The park I run at has mile markers on the trails. The main loop is exactly 1 mile with several smaller and bigger loops which are marked.


----------



## McEngr (Apr 25, 2007)

frazil,

If you're interested in doing the tricep workout, I would recommend the "iron skillet" style workout. Also this is highly beneficial for better tone on your upper arms:







Here's the iron-skillet motion:






Dip with a chair:

Use a chair at your dinner table. Have a chair facing your back, then put your hands on the seat. Slowly bend your knees so that you can get yourself in a position to support you body with your arms. Then dip your body with knees bent. When the arms are fully extended, your legs should bent to 90 degrees. If you can do 10 of these, try doing them with 2 minute breaks between them until you can't do anymore.

For people with excellent upper body strength, it should be possible to have the legs fully extended and dipping at home is easy for a good 15-20 reps. I was only able to do 20 reps when I was in peak condition (bench-pressing 280 and weighing 155 lbs).

McEngr


----------



## jeb6294 (Apr 26, 2007)

Road Guy said:


> I just figure I run a 9 minute mile on training runs and then hope I actually run a little faster and estimate the mileage, I want to get one of those gps things that I can wear that gives me my actual time, i run on a lot of trails and its hard to figure the exact distance I run


If you've got an iPod Nano, you can get one of those Nike Sport Kits pretty cheap. YOU DO NOT HAVE TO BUY THE NIKE SHOES TO USE IT!!! It's some psuedo-misleading advertising that makes people think you have to buy the Nike+ shoes to use it, but you can get a little "shoe pocket" to hold the transmitter on any shoe for $5.

It's basically a pedometer that transmits the data to your Nano so it records your info as you go and will actually tell you how you're doing while you're on the move. Not quite as fancy as the GPS units, but a heck of a lot cheaper...if you've already got the Nano.


----------



## frazil (Apr 26, 2007)

thanks mcEngr!

I tried doing the iron-skillet move last night with a 5 lb weight in each hand. I couldn't get my arms much more than 45 degrees away from my sides.

 ...so sad.


----------



## Road Guy (Apr 26, 2007)

see when I recommended the iron skillet workout it was intendid to be a gender biased assumption that you could do that easily while in the kitchen


----------



## MA_PE (Apr 26, 2007)

Then again there's always Mrs. RG's skillet workout where she holds the skillet overhead while running after him to whack him over the head with it (this is the aerobic apart). Once prey is caught, do 15-20 reps with the skillet.(this part is good for the arms.)


----------



## Guest (Apr 26, 2007)

MA_PE said:


> Then again there's always Mrs. RG's skillet workout where she holds the skillet overhead while running after him to whack him over the head with it (this is the aerobic apart).

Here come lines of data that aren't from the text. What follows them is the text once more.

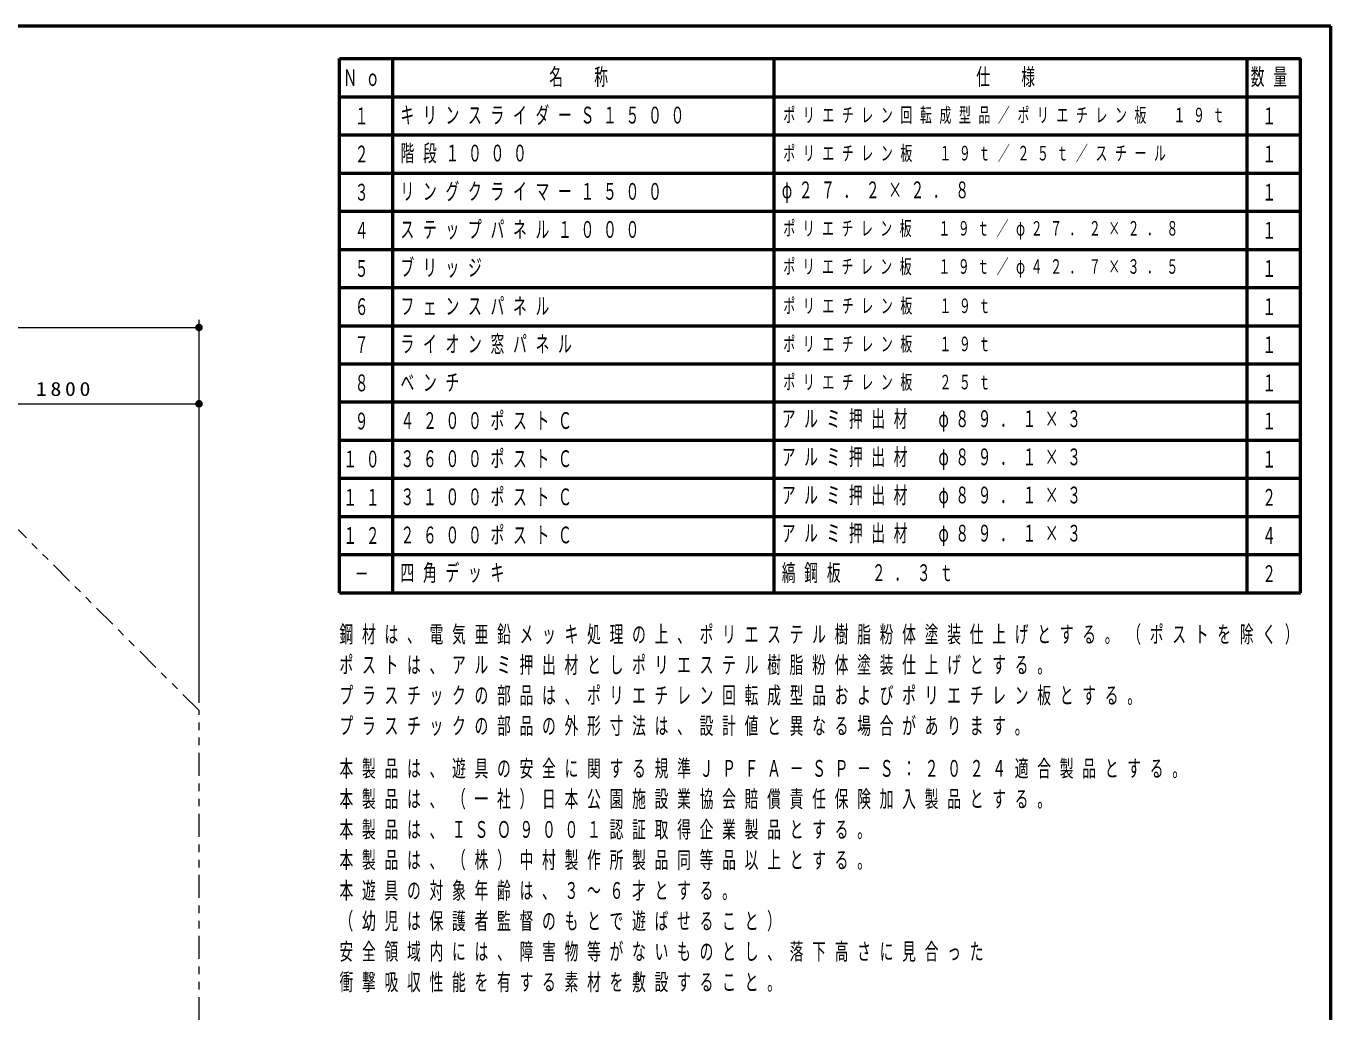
# Model space of a CAD drawing. Units: millimetres on the paper, scale 1:50. Extents: x -365 to 0, y -594 to 257.
# Drawn here: x -171.1 to 0, y 127.8 to 257 of the extents above; entities that cross this region are included whole.
import ezdxf
from ezdxf.enums import TextEntityAlignment as Align

# ---------------------------------------------------------------- set-up
doc = ezdxf.new("R2010")
doc.units = ezdxf.units.MM
doc.linetypes.add('USER3', pattern=[8, 3, -1, 1, -1, 1, -1])
doc.layers.add('LY_1', color=140, linetype='Continuous', lineweight=50)
doc.styles.add('ＭＳ ゴシック', font='')
doc.styles.get('ＭＳ ゴシック').set_extended_font_data('MS Gothic')

# ---------------------------------------------------------------- blocks, each defined once
blk = doc.blocks.new('filled_dot')
at = {"color": 0, "linetype": 'Continuous', "lineweight": -2, "const_width": 1.25}
blk.add_lwpolyline([(-0.625, 0, 1), (0.625, 0, 1)], format="xyb", close=True, dxfattribs=at)

msp = doc.modelspace()

# ---------------------------------------------------------------- linework, layer by layer
at = {"layer": 'LY_1', "color": 7}
for p, q in [((0, 257), (-365, 257)), ((0, 0), (0, 257))]:
    msp.add_line(p, q, dxfattribs=at)
at = {"layer": 'LY_1'}
for p, q in [((-130, 182.732), (-130, 252.732)), ((-130, 252.732), (-4, 252.732)), ((-123, 182.732), (-123, 252.732)), ((-73, 182.732), (-73, 252.732)), ((-11, 182.732), (-11, 252.732)), ((-4, 182.732), (-4, 252.732)), ((-130, 247.732), (-4, 247.732)), ((-130, 242.732), (-4, 242.732)), ((-130, 237.732), (-4, 237.732)), ((-130, 232.732), (-4, 232.732)), ((-130, 227.732), (-4, 227.732)), ((-130, 222.732), (-4, 222.732)), ((-130, 217.732), (-4, 217.732)), ((-130, 212.732), (-4, 212.732)), ((-130, 207.732), (-4, 207.732)), ((-130, 202.732), (-4, 202.732)), ((-130, 197.732), (-4, 197.732)), ((-130, 192.732), (-4, 192.732)), ((-130, 187.732), (-4, 187.732)), ((-130, 182.732), (-4, 182.732))]:
    msp.add_line(p, q, dxfattribs=at)
at = {"layer": 'LY_1', "color": 7, "lineweight": 13}
for p, q in [((-314.978, 217.496), (-148.422, 217.496)), ((-148.422, 208.496), (-148.422, 218.496)), ((-184.422, 207.496), (-148.422, 207.496)), ((-148.422, 168.28), (-148.422, 208.496))]:
    msp.add_line(p, q, dxfattribs=at)
at = {"layer": 'LY_1', "color": 7, "linetype": 'USER3', "lineweight": 13}
msp.add_lwpolyline([(-314.978, 169.373), (-314.978, 136.219), (-289.656, 110.896), (-250.495, 110.896), (-250.495, 96.585), (-232.006, 78.096), (-186.19, 78.096), (-182.887, 81.399), (-169.754, 81.399), (-148.422, 102.731), (-148.422, 167.28), (-174.71, 193.568), (-182.261, 193.568), (-186.189, 197.496), (-231.583, 197.496), (-234.383, 194.696), (-289.656, 194.696)], close=True, dxfattribs=at)

# ---------------------------------------------------------------- block references
at = {"layer": 'LY_1', "color": 7, "lineweight": 13, "xscale": 0.4, "yscale": 0.4, "rotation": 180}
for p in [(-148.422, 217.496), (-148.422, 207.496)]:
    msp.add_blockref('filled_dot', p, dxfattribs=at)

# ---------------------------------------------------------------- texts
at = {"layer": 'LY_1', "color": 7, "style": 'ＭＳ ゴシック', "width": 0.6}
for s, p in [('１', (-128, 245.232)), ('１', (-9, 245.232)), ('２', (-128, 240.232)), ('１', (-9, 240.232)), ('３', (-128, 235.232)), ('１', (-9, 235.232)), ('４', (-128, 230.232)), ('１', (-9, 230.232)), ('５', (-128, 225.232)), ('１', (-9, 225.232)), ('６', (-128, 220.232)), ('１', (-9, 220.232)), ('７', (-128, 215.232)), ('１', (-9, 215.232)), ('８', (-128, 210.232)), ('１', (-9, 210.232)), ('９', (-128, 205.232)), ('１', (-9, 205.232)), ('１', (-9, 200.232)), ('２', (-9, 195.232)), ('４', (-9, 190.232)), ('－', (-128, 185.232)), ('２', (-9, 185.232))]:
    msp.add_text(s, height=2.199, dxfattribs=at).set_placement(p, align=Align.MIDDLE_LEFT)
at = {"layer": 'LY_1', "color": 7, "style": 'ＭＳ ゴシック'}
for s, insert, char_height, attachment_point in [('\\T1.64;\\W0.6;名\u3000称', (-102.5, 250.232), 2.199, 4), ('\\T1.64;\\W0.6;仕\u3000様', (-46.5, 250.232), 2.199, 4), ('\\T1.64;\\W0.6;数量', (-10.5, 250.232), 2.199, 4), ('\\T1.64;\\W0.6;Ｎｏ', (-129.5, 250.232), 2.199, 4), ('\\T1.64;\\W0.6;キリンスライダーＳ１５００', (-122, 245.232), 2.199, 4), ('\\T1.64;\\W0.6;ポリエチレン回転成型品／ポリエチレン板\u3000１９ｔ', (-71.8, 245.232), 1.906, 4), ('\\T1.64;\\W0.6;階段１０００', (-122, 240.232), 2.199, 4), ('\\T1.64;\\W0.6;ポリエチレン板\u3000１９ｔ／２５ｔ／スチール', (-71.8, 240.232), 1.906, 4), ('\\T1.64;\\W0.6;リングクライマー１５００', (-122, 235.232), 2.199, 4), ('\\T1.63;\\W0.6;φ２７．２×２．８', (-72, 235.232), 2.199, 4), ('\\T1.64;\\W0.6;ステップパネル１０００', (-122, 230.232), 2.199, 4), ('\\T1.63;\\W0.6;ポリエチレン板\u3000１９ｔ／φ２７．２×２．８', (-71.8, 230.232), 1.906, 4), ('\\T1.64;\\W0.6;ブリッジ', (-122, 225.232), 2.199, 4), ('\\T1.63;\\W0.6;ポリエチレン板\u3000１９ｔ／φ４２．７×３．５', (-71.8, 225.232), 1.906, 4), ('\\T1.64;\\W0.6;フェンスパネル', (-122, 220.232), 2.199, 4), ('\\T1.64;\\W0.6;ポリエチレン板\u3000１９ｔ', (-71.8, 220.232), 1.906, 4), ('\\T1.64;\\W0.6;ライオン窓パネル', (-122, 215.232), 2.199, 4), ('\\T1.64;\\W0.6;ポリエチレン板\u3000１９ｔ', (-71.8, 215.232), 1.906, 4), ('\\T1.64;\\W0.6;ベンチ', (-122, 210.232), 2.199, 4), ('\\T1.64;\\W0.6;ポリエチレン板\u3000２５ｔ', (-71.8, 210.232), 1.906, 4), ('\\T1.33;\\W1.15;1800', (-166.001, 208.496), 1.833, 8), ('\\T1.64;\\W0.6;４２００ポストＣ', (-122, 205.232), 2.199, 4), ('\\T1.63;\\W0.6;アルミ押出材\u3000φ８９．１×３', (-72, 205.232), 2.199, 4), ('\\T1.63;\\W0.6;アルミ押出材\u3000φ８９．１×３', (-72, 200.232), 2.199, 4), ('\\T1.64;\\W0.6;１０', (-129.5, 200.232), 2.199, 4), ('\\T1.64;\\W0.6;３６００ポストＣ', (-122, 200.232), 2.199, 4), ('\\T1.63;\\W0.6;アルミ押出材\u3000φ８９．１×３', (-72, 195.232), 2.199, 4), ('\\T1.64;\\W0.6;１１', (-129.5, 195.232), 2.199, 4), ('\\T1.64;\\W0.6;３１００ポストＣ', (-122, 195.232), 2.199, 4), ('\\T1.64;\\W0.6;２６００ポストＣ', (-122, 190.232), 2.199, 4), ('\\T1.63;\\W0.6;アルミ押出材\u3000φ８９．１×３', (-72, 190.232), 2.199, 4), ('\\T1.64;\\W0.6;１２', (-129.5, 190.232), 2.199, 4), ('\\T1.64;\\W0.6;四角デッキ', (-122, 185.232), 2.199, 4), ('\\T1.64;\\W0.6;縞鋼板\u3000２．３ｔ', (-72, 185.232), 2.199, 4), ('\\T1.64;\\W0.6;鋼材は、電気亜鉛メッキ処理の上、ポリエステル樹脂粉体塗装仕上げとする。（ポストを除く）', (-130, 178.382), 2.199, 1), ('\\T1.64;\\W0.6;ポストは、アルミ押出材としポリエステル樹脂粉体塗装仕上げとする。', (-130, 174.382), 2.199, 1), ('\\T1.64;\\W0.6;プラスチックの部品は、ポリエチレン回転成型品およびポリエチレン板とする。', (-130, 170.382), 2.199, 1), ('\\T1.64;\\W0.6;プラスチックの部品の外形寸法は、設計値と異なる場合があります。', (-130, 166.382), 2.199, 1), ('\\T1.64;\\W0.6;本製品は、遊具の安全に関する規準ＪＰＦＡ－ＳＰ－Ｓ：２０２４適合製品とする。', (-130, 160.8), 2.199, 1), ('\\T1.64;\\W0.6;本製品は、（一社）日本公園施設業協会賠償責任保険加入製品とする。', (-130, 156.8), 2.199, 1), ('\\T1.64;\\W0.6;本製品は、ＩＳＯ９００１認証取得企業製品とする。', (-130, 152.8), 2.199, 1), ('\\T1.64;\\W0.6;本製品は、（株）中村製作所製品同等品以上とする。', (-130, 148.8), 2.199, 1), ('\\T1.64;\\W0.6;本遊具の対象年齢は、３～６才とする。', (-130, 144.8), 2.199, 1), ('\\T1.64;\\W0.6;（幼児は保護者監督のもとで遊ばせること）', (-130, 140.8), 2.199, 1), ('\\T1.64;\\W0.6;安全領域内には、障害物等がないものとし、落下高さに見合った', (-130, 136.8), 2.199, 1), ('\\T1.64;\\W0.6;衝撃吸収性能を有する素材を敷設すること。', (-130, 132.8), 2.199, 1)]:
    msp.add_mtext(s, dxfattribs=dict(at, insert=insert, char_height=char_height, attachment_point=attachment_point))

doc.saveas('drawing.dxf')

Once prey is caught, do 15-20 reps with the skillet.(this part is good for the arms.)


Now that's a move I would like to see ......





JR


----------



## frazil (Apr 26, 2007)

Road Guy said:


> see when I recommended the iron skillet workout it was intendid to be a gender biased assumption that you could do that easily while in the kitchen
> :BS:


"Cut slits in plastic over chicken and potato compartments. Remove plastic over dessert. Microwave on HIGH for 5 minutes, rotating once"

see...no heavy lifting required!


----------



## Hill William (Apr 26, 2007)

Question. Do they still make microwaves that don't have the spinny turntable thing??? I think the rotate once part is pretty obsolete.


----------



## cement (Apr 26, 2007)

it's a good thing we have have Frazil here because us manly types would have no knowledge of such things. Any of you other ladies, feel free to chime in!

:BS:


----------



## RIP - VTEnviro (Apr 26, 2007)

I just got home from a dinner function meeting the dinner was buffet style. Got to drive 70 miles home with an anvil in my gut. :BS:

Combine that with the fact that I took the day off from exercising because everything is sore (my legs cramped while driving) and I feel like a total slob. Back on the wagon tomorrow for me.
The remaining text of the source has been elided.